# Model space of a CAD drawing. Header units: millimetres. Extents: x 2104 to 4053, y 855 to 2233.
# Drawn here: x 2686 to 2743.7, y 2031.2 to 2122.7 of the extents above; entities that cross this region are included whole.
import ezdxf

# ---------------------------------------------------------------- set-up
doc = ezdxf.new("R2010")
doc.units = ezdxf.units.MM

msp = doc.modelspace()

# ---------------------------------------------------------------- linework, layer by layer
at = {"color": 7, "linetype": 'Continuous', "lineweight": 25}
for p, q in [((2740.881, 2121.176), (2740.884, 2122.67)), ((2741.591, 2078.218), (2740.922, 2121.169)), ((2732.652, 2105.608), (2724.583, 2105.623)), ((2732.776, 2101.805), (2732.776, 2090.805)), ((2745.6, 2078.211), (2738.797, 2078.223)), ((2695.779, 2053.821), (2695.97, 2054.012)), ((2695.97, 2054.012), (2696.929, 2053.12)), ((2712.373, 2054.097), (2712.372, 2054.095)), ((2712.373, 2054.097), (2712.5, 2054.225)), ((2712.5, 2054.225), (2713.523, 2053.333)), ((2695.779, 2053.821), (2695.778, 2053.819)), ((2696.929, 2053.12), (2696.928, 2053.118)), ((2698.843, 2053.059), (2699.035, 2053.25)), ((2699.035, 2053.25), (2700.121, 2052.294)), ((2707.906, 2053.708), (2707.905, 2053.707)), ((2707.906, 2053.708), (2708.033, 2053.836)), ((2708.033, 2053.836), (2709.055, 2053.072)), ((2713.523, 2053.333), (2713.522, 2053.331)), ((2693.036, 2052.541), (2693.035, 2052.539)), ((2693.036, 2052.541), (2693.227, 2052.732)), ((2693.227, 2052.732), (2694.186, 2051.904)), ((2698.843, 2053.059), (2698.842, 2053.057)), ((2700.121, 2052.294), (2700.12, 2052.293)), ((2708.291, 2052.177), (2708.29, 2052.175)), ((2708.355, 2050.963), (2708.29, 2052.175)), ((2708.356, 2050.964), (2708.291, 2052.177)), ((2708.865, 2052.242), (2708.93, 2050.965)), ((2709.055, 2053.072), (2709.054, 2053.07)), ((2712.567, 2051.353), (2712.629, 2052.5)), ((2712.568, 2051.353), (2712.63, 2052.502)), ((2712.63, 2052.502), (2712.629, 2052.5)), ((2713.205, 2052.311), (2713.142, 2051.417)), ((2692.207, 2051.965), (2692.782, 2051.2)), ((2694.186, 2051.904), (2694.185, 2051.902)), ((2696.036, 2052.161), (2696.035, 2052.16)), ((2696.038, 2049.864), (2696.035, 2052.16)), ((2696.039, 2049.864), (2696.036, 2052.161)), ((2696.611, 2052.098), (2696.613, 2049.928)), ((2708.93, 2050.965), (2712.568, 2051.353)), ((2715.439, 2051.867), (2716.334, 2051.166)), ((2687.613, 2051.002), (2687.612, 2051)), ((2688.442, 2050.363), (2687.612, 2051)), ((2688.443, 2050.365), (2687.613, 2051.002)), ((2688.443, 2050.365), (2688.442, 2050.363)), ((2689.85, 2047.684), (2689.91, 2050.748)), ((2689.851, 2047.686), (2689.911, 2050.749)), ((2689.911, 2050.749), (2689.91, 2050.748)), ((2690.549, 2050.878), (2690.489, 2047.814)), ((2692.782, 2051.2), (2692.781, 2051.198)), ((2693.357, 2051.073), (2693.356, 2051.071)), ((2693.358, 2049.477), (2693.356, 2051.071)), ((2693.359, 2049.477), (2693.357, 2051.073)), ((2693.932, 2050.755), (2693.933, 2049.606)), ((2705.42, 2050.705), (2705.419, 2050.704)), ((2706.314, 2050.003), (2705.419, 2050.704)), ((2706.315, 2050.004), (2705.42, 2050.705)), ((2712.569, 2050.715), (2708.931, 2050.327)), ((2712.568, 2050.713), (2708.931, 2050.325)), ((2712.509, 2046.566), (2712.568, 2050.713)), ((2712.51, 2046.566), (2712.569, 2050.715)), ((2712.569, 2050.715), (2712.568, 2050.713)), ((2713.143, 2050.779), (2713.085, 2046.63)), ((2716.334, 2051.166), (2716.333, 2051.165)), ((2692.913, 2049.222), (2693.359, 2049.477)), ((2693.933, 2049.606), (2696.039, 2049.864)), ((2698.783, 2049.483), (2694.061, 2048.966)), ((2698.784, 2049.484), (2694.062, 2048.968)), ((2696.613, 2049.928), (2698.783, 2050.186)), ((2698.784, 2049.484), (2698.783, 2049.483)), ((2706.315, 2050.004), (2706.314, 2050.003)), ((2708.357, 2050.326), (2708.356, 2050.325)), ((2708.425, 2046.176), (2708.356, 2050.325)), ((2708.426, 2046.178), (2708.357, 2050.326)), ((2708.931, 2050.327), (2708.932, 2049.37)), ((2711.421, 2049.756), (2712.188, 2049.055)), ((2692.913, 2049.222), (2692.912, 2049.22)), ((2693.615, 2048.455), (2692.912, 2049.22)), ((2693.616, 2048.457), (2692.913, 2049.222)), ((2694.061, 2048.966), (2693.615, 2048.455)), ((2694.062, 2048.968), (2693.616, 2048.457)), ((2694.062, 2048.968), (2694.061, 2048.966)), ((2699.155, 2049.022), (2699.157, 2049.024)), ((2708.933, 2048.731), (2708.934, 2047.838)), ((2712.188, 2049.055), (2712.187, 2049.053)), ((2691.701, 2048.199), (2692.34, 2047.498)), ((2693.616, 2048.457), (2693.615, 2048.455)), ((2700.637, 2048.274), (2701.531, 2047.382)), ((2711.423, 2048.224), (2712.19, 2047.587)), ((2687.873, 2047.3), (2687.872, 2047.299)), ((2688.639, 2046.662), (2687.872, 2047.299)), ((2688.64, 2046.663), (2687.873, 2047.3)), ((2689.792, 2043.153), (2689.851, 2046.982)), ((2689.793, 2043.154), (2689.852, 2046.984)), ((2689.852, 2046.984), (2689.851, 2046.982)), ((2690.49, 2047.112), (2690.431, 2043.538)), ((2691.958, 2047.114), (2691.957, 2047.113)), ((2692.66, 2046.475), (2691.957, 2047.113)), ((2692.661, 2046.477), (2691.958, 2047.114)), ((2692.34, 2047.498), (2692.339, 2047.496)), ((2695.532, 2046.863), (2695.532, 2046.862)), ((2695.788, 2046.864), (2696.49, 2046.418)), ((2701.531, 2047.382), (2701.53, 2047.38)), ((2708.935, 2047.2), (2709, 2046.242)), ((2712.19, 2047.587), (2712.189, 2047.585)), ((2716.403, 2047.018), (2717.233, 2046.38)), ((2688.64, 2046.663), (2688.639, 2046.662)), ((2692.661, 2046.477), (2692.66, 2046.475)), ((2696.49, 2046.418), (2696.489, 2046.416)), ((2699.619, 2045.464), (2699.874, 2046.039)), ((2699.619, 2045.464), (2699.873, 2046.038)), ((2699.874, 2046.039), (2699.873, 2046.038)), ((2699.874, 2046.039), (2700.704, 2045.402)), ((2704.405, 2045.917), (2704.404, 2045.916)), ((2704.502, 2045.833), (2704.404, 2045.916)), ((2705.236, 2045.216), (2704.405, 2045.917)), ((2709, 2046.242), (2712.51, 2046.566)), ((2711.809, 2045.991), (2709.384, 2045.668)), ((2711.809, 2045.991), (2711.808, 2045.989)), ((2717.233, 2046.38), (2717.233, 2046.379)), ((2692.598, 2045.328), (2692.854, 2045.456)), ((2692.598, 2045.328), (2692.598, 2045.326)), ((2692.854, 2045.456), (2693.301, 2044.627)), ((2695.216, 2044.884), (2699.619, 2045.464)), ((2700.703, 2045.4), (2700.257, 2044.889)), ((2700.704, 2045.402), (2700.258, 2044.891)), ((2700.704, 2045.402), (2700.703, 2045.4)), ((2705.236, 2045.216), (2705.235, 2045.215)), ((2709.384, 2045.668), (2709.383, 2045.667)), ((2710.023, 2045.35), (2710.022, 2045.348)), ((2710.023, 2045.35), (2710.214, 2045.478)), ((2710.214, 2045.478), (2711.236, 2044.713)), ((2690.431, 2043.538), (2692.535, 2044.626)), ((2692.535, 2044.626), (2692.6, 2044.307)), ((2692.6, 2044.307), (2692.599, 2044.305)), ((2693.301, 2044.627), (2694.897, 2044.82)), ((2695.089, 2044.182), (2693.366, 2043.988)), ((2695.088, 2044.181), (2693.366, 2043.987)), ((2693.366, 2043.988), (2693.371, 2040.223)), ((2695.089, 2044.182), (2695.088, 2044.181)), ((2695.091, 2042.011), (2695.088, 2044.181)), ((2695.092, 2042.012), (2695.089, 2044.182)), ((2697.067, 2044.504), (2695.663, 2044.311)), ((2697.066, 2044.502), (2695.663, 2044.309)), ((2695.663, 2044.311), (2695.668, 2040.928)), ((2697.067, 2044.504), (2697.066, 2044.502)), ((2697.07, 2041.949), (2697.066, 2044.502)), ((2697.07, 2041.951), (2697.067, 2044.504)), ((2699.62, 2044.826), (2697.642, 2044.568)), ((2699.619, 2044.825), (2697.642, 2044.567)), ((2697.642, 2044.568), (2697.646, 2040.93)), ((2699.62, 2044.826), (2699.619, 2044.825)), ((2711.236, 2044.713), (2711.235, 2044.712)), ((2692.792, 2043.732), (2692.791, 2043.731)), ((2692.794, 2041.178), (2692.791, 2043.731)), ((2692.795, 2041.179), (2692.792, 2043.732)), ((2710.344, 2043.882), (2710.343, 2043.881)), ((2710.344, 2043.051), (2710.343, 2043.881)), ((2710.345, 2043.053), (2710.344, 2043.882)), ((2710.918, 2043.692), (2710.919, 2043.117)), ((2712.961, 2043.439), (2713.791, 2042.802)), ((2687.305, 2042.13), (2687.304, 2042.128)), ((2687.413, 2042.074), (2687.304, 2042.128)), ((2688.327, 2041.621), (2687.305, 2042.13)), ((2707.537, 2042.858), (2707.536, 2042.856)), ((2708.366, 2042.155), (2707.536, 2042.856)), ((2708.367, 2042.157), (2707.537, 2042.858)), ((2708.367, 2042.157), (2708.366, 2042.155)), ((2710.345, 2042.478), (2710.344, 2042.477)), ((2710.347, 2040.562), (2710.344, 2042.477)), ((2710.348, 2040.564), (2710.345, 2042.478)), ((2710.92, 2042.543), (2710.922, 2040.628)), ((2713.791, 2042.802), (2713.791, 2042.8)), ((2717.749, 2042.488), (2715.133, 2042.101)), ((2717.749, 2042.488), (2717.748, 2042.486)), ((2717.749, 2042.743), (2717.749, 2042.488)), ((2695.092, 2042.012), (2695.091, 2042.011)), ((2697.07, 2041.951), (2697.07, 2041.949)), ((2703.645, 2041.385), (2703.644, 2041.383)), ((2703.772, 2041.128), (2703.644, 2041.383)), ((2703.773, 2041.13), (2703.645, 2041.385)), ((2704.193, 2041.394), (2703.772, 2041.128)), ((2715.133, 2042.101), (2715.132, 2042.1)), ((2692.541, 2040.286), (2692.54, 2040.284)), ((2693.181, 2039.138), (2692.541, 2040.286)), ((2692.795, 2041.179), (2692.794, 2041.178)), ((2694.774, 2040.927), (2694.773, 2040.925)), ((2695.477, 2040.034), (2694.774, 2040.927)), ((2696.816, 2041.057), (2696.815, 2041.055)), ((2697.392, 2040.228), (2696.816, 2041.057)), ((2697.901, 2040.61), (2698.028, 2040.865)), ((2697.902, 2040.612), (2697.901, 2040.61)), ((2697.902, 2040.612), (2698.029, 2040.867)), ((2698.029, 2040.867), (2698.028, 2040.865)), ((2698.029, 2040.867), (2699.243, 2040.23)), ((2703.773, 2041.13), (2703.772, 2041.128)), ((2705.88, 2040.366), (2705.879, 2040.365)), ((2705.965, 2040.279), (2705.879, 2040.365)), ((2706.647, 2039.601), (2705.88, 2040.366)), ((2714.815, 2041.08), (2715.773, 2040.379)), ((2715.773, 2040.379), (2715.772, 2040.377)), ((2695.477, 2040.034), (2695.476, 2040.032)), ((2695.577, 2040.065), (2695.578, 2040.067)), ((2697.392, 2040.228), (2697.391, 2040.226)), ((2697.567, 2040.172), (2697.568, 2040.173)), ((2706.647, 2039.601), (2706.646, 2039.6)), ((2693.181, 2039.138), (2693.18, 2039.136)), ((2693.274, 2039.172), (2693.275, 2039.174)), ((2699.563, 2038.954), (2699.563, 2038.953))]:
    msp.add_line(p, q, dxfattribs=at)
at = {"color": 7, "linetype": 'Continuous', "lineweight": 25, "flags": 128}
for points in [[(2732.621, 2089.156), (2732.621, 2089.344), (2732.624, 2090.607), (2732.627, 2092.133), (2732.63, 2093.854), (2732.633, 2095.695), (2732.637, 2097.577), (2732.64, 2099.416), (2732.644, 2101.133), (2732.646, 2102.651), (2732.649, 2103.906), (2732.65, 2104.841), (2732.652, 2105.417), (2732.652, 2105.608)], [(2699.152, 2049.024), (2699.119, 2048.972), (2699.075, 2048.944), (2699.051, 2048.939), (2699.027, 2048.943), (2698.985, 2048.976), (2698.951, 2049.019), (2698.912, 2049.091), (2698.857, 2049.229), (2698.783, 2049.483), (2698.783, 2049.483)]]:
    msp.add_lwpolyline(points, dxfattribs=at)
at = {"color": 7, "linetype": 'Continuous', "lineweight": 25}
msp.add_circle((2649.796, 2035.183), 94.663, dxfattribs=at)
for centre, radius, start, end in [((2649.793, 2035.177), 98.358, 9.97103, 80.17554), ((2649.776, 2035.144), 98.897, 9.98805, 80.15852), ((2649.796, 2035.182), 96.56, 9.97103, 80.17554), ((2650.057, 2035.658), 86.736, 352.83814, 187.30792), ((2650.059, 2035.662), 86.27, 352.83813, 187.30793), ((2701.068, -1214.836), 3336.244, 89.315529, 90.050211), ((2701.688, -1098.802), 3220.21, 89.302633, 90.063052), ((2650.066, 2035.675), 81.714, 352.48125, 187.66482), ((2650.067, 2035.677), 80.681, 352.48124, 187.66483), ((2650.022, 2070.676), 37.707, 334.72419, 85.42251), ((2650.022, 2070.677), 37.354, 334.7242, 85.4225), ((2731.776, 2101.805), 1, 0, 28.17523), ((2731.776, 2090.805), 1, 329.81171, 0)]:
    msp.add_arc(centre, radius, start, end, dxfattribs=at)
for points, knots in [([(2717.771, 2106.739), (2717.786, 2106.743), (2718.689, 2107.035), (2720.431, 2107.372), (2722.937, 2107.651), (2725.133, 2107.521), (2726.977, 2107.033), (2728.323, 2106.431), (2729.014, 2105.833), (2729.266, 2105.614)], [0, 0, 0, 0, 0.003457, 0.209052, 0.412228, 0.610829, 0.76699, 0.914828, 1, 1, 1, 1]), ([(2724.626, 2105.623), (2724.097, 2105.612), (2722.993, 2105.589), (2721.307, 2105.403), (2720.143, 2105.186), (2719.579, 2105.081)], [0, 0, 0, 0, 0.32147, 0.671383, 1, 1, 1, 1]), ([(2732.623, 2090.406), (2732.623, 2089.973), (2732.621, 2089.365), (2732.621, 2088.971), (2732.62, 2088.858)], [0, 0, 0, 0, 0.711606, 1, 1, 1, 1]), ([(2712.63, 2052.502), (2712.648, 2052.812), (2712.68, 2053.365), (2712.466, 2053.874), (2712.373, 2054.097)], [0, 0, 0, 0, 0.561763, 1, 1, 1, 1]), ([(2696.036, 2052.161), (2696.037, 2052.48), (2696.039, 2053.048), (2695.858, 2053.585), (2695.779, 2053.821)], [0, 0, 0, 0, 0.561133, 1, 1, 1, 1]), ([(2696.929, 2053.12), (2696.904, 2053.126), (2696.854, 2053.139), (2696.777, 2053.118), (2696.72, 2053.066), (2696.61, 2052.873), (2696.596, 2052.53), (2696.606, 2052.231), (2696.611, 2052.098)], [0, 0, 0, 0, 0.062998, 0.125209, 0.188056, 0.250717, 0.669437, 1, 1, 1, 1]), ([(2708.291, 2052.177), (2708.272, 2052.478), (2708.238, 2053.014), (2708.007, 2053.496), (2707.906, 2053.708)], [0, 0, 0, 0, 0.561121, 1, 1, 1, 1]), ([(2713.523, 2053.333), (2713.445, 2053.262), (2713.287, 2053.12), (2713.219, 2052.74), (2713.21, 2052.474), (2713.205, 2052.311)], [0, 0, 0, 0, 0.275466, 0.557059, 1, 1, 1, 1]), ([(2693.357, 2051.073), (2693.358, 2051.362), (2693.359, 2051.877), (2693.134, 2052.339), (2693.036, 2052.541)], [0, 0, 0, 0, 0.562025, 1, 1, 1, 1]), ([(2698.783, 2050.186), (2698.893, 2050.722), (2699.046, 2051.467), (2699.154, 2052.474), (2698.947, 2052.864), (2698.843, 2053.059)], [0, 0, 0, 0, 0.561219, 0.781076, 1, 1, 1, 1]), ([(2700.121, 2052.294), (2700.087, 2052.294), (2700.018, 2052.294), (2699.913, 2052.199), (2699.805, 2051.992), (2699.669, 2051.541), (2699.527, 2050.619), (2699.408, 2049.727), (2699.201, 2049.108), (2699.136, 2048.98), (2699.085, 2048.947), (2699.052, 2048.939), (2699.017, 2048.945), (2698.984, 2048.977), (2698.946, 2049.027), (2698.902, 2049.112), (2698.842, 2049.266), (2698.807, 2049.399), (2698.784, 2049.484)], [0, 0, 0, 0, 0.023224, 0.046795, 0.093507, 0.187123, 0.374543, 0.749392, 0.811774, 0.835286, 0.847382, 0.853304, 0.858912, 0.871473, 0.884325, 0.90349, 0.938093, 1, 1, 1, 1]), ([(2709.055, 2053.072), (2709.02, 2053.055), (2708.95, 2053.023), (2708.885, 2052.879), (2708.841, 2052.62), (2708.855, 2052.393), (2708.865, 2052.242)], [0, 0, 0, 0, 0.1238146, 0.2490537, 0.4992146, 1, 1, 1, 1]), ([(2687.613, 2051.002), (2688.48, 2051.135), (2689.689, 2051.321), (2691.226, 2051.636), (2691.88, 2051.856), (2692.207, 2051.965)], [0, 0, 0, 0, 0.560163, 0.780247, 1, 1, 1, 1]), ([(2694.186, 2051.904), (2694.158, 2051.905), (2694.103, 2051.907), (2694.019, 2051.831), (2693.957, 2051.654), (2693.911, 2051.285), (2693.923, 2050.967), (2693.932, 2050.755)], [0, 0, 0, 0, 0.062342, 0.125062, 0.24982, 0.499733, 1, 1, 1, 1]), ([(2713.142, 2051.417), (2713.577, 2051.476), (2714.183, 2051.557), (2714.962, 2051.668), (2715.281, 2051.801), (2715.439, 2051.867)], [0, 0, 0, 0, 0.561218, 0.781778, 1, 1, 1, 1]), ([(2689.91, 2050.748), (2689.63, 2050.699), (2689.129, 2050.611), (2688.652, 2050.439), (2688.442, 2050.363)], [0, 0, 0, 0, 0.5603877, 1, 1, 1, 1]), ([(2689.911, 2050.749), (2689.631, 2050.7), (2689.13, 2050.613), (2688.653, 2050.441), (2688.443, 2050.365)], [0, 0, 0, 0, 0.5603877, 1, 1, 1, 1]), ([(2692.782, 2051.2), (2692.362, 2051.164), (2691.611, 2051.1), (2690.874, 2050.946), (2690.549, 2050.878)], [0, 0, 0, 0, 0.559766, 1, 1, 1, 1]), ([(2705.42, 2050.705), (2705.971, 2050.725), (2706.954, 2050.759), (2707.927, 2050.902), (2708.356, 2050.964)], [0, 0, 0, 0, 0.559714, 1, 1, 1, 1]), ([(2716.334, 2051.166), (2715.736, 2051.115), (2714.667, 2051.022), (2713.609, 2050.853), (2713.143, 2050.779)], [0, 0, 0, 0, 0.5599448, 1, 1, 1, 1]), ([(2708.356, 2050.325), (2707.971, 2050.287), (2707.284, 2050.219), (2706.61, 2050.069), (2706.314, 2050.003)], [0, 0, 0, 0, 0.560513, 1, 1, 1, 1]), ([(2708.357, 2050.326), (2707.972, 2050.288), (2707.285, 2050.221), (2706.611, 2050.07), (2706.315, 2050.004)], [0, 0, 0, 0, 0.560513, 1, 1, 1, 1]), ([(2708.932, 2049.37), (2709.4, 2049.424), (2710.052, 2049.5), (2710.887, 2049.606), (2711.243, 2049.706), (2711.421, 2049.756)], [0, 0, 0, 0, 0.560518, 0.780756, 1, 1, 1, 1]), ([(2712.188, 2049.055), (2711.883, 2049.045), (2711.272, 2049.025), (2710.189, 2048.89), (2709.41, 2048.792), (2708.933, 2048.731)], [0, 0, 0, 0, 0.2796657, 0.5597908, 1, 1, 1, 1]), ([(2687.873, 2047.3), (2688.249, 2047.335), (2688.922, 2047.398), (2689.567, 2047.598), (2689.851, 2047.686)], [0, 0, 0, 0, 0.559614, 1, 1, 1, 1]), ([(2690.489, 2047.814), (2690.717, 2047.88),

******

[Task details] Every line above from the line with "# Drawn here: x" to the line with "layer by layer", both included, must be reproduced exactly, and no other line may appear.

[Reply]
# Drawn here: x 2686 to 2743.7, y 2031.2 to 2122.7 of the extents above; entities that cross this region are included whole.
import ezdxf

# ---------------------------------------------------------------- set-up
doc = ezdxf.new("R2010")
doc.units = ezdxf.units.MM

msp = doc.modelspace()

# ---------------------------------------------------------------- linework, layer by layer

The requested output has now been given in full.